On May 19, 2008, at 12:08 PM, Peter Duniho wrote:
[...]
However, _with_ reflection we can do much of the same kinds of things that Obj-C does, without knowing in advance the classes that might use the NSUndoManager class.

One advantage I see in Cocoa is that, because classes may respond to selectors that they didn't even declare, NSUndoManager can simply set a temporary variable, and then catch a selector to be saved away for later invocation. This makes the reflection aspect ("introspection" in Objective-C) more transparent.

Right. I'm glad you see that. Another place to look for the same type of thing is Distributed Objects in Obj-C. It's another piece of the frameworks that use the ability to catch invocations "in flight". In that case, in order to serialize the method and arguments, send the data across the network or between threads, unserialize on the other side, and invoke in that other machine/process/thread.

An approach in C# that is still reasonably close to the Obj-C version would be to instead pass a method name and an array of arguments (so, the syntax isn't identical, but comparable):

undoManager.prepareWithInvocationTarget(this, "setColor", object[] { mColor });

Then the method would look something like this (warning: email code, uncompiled, untested):

void prepareWithInvocationTarget(object target, string name, object[] args)
   {
       Type[] argTypes = new Type[args.Length];
       MethodInfo targetMethod;

       for (int iarg = 0; iarg < args.Length; iarg++)
       {
           argTypes[iarg] = args[iarg].GetType();
       }

       targetMethod = target.GetType().GetMethod(name, argTypes);

// save targetMethod and args in an appropriate data structure for
       // later retrieval and invocation
       // ...code omitted for brevity
   }

Thanks very much for the example. The same sort of facility (getting method from name) is available in Objective-C, of course, and Andreas Mayer replied on the list an interesting example of how he uses that in AppleScript handling. What C# seems to be missing is the reverse facility (going from a compiled method call back out to name + arguments), which my sample NSUndoManager code demonstrated.

Interestingly, given your earlier remarks about the desirability of compile time checking, in Objective-C [[undoManager prepareWithInvocationTarget:self] setColor:mColor] is type checked. The compiler knows about the -setColor: method declaration it has seen and can check that mColor is an appropriate type. (Because Obj-C still lets you call any method on any object the result of bad typing here will be a warning rather than an error, but Obj-C programmers generally learn to pay attention to and fix all warnings.) Whereas I suspect that when you are using the reflection facilities in C# in the way you are above, that there is no type checking being performed. Is that correct?

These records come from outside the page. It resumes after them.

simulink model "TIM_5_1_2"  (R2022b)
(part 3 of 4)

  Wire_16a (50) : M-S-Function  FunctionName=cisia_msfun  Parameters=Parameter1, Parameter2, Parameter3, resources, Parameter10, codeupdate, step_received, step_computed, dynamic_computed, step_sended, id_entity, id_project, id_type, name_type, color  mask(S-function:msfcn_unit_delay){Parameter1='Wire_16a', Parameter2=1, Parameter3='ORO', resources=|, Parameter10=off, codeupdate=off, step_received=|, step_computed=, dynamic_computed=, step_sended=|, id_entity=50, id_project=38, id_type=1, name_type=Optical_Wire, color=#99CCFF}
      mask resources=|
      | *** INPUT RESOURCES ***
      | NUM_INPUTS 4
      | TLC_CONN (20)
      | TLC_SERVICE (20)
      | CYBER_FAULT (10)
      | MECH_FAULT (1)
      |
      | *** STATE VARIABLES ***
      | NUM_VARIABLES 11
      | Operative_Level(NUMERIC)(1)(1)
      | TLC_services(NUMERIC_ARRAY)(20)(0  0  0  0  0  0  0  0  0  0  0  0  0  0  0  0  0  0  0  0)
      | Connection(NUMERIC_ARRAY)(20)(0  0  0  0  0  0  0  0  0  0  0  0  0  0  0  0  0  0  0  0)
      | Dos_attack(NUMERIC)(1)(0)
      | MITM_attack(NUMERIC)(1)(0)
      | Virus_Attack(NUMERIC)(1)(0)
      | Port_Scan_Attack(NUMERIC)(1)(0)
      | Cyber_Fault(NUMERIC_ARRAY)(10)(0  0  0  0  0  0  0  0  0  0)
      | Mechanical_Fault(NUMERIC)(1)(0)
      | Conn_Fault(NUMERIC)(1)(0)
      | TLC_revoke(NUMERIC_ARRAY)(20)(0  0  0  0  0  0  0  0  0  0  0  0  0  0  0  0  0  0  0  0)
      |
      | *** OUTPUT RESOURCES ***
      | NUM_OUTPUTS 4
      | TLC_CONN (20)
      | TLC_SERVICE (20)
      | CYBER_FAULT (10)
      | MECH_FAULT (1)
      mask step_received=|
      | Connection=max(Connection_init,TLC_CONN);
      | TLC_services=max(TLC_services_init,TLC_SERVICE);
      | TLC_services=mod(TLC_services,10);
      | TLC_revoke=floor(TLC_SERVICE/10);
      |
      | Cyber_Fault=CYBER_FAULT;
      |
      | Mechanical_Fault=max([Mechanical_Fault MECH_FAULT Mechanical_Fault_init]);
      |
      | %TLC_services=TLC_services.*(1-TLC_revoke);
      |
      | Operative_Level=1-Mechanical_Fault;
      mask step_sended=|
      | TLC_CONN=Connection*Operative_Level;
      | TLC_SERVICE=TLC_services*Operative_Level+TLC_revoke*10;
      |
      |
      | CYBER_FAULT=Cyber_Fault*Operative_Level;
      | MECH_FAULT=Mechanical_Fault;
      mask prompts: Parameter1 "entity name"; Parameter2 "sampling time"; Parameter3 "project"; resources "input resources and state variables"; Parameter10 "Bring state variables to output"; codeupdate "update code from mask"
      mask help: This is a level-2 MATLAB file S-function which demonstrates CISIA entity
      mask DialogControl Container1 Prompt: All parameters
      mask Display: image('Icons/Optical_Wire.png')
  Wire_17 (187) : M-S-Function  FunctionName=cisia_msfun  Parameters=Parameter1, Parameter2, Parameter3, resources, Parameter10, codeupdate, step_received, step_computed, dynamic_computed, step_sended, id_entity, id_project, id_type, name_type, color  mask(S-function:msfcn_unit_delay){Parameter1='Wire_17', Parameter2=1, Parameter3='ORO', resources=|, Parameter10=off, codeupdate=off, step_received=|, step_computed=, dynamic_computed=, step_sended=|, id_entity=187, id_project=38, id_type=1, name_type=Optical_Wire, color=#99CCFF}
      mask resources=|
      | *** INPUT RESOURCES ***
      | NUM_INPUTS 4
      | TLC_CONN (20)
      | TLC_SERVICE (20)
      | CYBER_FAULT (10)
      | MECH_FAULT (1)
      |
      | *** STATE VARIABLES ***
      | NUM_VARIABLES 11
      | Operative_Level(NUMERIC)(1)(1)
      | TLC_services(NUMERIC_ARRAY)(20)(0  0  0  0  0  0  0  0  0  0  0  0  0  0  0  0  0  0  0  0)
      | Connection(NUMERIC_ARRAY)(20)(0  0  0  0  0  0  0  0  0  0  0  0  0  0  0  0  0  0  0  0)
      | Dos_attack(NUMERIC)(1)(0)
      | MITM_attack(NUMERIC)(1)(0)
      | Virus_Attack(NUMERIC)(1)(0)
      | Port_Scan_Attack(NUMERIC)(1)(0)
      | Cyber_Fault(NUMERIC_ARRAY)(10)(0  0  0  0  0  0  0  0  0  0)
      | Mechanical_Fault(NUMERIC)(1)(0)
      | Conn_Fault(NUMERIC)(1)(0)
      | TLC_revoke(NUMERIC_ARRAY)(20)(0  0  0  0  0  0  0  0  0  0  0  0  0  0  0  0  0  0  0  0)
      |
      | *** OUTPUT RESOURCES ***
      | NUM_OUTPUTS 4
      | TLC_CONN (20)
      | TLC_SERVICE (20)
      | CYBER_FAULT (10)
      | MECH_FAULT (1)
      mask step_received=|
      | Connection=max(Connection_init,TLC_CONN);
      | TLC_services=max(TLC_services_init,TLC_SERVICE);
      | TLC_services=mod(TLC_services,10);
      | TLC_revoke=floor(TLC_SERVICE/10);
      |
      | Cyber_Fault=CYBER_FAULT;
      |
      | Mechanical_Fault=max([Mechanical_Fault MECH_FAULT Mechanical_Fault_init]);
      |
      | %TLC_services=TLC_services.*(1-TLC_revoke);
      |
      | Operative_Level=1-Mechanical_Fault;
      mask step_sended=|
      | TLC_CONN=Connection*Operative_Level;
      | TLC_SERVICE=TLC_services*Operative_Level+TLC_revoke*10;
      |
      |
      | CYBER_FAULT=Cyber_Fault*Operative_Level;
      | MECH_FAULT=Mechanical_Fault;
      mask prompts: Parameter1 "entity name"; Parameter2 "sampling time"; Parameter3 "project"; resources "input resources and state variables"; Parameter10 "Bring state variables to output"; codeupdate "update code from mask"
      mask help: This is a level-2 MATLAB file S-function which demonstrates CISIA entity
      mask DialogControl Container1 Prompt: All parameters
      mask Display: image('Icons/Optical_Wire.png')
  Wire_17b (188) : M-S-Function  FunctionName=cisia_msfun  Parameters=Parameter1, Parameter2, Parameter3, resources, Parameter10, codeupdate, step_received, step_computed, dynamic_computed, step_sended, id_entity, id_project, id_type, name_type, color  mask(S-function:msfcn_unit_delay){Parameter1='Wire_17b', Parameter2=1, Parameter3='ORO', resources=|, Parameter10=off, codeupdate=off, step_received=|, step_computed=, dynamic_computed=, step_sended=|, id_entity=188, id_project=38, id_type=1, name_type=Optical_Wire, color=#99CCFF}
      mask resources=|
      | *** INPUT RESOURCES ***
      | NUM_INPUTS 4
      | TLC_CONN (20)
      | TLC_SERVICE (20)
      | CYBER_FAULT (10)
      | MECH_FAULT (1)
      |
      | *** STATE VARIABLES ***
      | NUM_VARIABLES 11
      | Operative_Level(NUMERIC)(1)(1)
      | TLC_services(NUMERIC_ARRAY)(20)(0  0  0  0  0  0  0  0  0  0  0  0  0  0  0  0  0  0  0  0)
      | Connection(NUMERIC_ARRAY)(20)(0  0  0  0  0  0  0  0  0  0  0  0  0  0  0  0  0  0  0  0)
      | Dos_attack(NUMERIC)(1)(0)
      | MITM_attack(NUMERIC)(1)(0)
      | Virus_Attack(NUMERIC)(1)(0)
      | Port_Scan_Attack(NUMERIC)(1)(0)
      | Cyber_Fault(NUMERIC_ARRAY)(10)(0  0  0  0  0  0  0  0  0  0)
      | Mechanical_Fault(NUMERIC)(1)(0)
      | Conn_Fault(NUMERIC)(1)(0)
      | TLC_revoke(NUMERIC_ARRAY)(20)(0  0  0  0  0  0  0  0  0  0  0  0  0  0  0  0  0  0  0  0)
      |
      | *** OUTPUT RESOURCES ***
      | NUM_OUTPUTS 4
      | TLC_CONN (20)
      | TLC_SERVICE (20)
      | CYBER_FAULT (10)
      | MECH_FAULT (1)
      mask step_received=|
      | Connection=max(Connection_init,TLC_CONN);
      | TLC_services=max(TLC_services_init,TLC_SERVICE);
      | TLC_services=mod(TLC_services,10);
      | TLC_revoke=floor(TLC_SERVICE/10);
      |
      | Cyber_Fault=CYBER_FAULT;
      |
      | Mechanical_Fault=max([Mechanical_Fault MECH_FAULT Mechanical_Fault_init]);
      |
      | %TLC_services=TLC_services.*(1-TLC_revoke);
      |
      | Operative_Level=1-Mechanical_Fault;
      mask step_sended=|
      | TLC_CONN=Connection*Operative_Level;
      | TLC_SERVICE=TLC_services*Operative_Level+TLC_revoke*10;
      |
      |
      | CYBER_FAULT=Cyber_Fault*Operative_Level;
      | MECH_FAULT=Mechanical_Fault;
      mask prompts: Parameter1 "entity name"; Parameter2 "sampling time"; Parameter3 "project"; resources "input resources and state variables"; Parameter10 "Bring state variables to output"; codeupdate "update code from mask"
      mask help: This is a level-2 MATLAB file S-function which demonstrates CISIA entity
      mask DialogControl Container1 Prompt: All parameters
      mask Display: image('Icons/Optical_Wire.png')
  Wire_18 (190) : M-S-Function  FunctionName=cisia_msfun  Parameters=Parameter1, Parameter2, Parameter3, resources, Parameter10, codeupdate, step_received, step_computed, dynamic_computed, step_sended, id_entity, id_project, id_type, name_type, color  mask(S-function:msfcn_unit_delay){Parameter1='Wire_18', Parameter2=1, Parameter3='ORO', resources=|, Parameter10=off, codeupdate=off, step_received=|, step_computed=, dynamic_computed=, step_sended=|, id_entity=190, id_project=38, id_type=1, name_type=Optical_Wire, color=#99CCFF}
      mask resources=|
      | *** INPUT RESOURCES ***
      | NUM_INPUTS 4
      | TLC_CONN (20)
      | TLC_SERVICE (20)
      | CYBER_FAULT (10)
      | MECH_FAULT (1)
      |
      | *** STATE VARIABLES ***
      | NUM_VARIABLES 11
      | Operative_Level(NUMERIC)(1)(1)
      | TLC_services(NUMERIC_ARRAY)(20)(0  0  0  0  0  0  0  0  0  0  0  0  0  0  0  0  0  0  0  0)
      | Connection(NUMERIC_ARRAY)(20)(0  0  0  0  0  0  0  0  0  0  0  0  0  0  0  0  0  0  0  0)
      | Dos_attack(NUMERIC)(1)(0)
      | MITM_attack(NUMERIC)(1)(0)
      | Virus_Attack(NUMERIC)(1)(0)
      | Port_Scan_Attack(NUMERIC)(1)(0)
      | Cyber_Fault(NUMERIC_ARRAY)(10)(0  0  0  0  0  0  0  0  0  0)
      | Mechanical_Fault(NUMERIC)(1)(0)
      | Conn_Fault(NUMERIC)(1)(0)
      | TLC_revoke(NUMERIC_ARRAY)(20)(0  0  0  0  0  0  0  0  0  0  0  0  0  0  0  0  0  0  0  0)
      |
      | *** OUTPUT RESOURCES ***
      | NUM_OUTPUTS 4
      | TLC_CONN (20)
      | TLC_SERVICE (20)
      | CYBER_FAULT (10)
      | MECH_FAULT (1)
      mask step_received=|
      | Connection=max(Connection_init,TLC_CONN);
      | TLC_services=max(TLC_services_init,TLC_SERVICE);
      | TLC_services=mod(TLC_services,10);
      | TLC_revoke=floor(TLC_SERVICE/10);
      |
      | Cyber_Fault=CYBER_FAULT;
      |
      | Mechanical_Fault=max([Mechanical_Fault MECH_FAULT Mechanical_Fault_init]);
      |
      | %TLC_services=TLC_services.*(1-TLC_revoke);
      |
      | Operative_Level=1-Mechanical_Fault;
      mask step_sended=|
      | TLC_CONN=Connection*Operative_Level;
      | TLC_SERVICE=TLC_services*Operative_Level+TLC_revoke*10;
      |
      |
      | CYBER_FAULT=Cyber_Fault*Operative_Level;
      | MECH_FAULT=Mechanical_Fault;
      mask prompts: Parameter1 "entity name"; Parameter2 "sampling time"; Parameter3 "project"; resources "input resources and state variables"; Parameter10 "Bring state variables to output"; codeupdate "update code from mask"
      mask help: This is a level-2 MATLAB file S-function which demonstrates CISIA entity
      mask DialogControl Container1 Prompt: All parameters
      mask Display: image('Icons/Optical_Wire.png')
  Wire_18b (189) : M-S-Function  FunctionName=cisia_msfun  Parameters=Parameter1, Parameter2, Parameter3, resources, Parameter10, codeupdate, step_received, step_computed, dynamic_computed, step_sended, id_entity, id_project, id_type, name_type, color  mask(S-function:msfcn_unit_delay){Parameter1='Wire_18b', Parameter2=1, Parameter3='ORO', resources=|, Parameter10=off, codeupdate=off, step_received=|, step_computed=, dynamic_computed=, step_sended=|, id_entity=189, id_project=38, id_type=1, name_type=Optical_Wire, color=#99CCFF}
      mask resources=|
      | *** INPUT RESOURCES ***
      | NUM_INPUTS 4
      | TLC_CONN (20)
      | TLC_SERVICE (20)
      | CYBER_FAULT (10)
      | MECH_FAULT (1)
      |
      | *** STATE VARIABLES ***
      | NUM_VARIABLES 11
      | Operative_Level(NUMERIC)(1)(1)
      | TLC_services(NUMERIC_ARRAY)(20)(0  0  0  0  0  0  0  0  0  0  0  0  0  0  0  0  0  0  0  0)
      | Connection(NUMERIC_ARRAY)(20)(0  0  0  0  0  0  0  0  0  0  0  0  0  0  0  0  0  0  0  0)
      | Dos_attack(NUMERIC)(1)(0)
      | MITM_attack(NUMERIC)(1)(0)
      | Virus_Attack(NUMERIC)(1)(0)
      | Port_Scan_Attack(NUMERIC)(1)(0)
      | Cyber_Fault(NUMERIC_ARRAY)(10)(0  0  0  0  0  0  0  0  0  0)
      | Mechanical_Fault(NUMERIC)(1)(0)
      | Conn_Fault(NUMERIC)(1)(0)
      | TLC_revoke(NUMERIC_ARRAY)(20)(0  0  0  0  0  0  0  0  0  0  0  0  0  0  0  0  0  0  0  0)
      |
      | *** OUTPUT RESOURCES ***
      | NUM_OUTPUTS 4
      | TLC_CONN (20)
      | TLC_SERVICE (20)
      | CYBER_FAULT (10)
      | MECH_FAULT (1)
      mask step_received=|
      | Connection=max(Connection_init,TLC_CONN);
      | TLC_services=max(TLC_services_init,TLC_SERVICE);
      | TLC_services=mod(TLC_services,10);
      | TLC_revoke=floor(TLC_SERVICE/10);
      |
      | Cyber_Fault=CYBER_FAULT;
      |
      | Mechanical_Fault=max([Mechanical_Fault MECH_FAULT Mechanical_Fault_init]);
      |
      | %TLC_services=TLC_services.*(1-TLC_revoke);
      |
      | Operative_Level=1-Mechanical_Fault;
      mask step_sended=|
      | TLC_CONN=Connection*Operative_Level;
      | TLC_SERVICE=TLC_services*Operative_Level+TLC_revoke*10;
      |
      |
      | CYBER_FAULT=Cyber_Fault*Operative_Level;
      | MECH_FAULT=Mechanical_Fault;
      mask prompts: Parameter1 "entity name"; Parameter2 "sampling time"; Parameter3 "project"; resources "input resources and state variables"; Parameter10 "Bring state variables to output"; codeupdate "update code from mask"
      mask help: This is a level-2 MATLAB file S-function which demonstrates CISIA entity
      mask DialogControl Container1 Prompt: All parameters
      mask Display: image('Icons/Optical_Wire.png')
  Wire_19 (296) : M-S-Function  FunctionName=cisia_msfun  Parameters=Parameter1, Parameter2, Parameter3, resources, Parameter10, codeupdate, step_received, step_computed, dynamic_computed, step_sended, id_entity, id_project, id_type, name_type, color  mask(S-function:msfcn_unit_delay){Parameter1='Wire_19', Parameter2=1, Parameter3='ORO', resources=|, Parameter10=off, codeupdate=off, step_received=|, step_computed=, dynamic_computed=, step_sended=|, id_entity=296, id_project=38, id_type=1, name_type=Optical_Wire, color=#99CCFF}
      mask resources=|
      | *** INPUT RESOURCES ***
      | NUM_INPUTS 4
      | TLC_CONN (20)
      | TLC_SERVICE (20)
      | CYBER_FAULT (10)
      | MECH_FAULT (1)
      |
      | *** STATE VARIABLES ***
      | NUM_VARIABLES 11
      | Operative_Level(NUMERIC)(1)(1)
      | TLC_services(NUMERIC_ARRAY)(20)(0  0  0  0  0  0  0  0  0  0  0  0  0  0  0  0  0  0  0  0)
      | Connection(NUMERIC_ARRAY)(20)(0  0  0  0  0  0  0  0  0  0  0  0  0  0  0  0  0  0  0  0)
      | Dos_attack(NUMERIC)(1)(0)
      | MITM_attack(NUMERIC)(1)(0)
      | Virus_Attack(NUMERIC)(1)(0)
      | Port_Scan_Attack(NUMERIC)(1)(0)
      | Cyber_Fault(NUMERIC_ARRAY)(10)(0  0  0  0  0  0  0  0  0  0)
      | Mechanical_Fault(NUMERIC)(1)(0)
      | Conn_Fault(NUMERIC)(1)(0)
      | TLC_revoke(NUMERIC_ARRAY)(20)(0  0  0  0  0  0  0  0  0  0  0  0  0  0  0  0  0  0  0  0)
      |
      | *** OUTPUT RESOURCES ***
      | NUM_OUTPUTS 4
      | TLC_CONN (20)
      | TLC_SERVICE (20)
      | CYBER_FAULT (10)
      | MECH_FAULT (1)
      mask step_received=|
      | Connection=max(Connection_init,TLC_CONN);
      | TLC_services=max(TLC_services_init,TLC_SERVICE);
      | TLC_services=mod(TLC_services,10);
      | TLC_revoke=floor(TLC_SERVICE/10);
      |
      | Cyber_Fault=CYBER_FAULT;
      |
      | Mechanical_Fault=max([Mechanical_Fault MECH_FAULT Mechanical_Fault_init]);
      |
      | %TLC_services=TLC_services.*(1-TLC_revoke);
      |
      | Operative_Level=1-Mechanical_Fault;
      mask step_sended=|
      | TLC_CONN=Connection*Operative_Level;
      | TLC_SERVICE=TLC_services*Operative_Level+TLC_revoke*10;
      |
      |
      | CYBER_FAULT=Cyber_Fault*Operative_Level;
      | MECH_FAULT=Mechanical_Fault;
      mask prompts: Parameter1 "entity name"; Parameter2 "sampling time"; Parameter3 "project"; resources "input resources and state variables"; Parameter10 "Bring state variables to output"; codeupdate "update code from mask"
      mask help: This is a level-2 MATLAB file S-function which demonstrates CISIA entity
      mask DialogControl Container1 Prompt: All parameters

That is one of the advantages of having the dynamism built into the language runtime rather than a reflection API built on top. Another advantage is that code can be written that doesn't need to know whether reflection is being used or not. In the Distributed Objects case, for instance, it is very common to pass around proxies as arguments to code that doesn't have any idea that the methods it is calling on those argument objects actually get forwarded somewhere else entirely.

In reality, I would (and have) more likely implement an undo manager that uses anonymous methods. Then all you're saving to your undo state is a delegate that does what you want (assumes the "property" semantic I posted):

   undoManager.AddUndo(delegate { color = mColor; });

This is more idiomatic in C# and wouldn't need all that messy reflection stuff. Executing the undo is a simple matter of invoking the delegate that was passed, a simple one-line operation that reads like a method call (note that the use of the name "delegate" is very different in C# than in Cocoa...C# "delegate" is more like a function pointer than an actual object to which some selector has been delegated).

Like I said earlier, I don't know C#, but this doesn't appear to me what the code would actually look like. The trouble is that the whole point is we want to be able to undo a previous -setColor: call. If mColor is a reference to the "this" object's current color, then at the time that the undo happens, the value of the reference "mColor" will be the _new_ color, not the old color that we want to restore. So that line of code will just set it to itself. What is needed is to store the mColor value as it is at the time the anonymous delegate is created, not at the time the delegate is executed. Is it possible for an anonymous method to have its own instance variables (in this case, to store the old color)? From looking at the docs it doesn't appear to. Nor does it seem possible to do so with named method delegates.

I don't understand the comments saying that you can't do something similar in Java. Java has the same kind of reflection features that C# has. The anonymous method approach wouldn't work, as Java doesn't have anything equivalent to C# delegates, but Java does have interfaces and using those with anonymous types in lieu of anonymous methods is a common Java idiom that works well.

Only with fixed signatures, though. If you wanted to undo (made up example): -setColor:inPattern:atPatternOffset:withAlpha:... then you better hope that your interface includes some similar signature. There are significant flexibility limitations to that approach.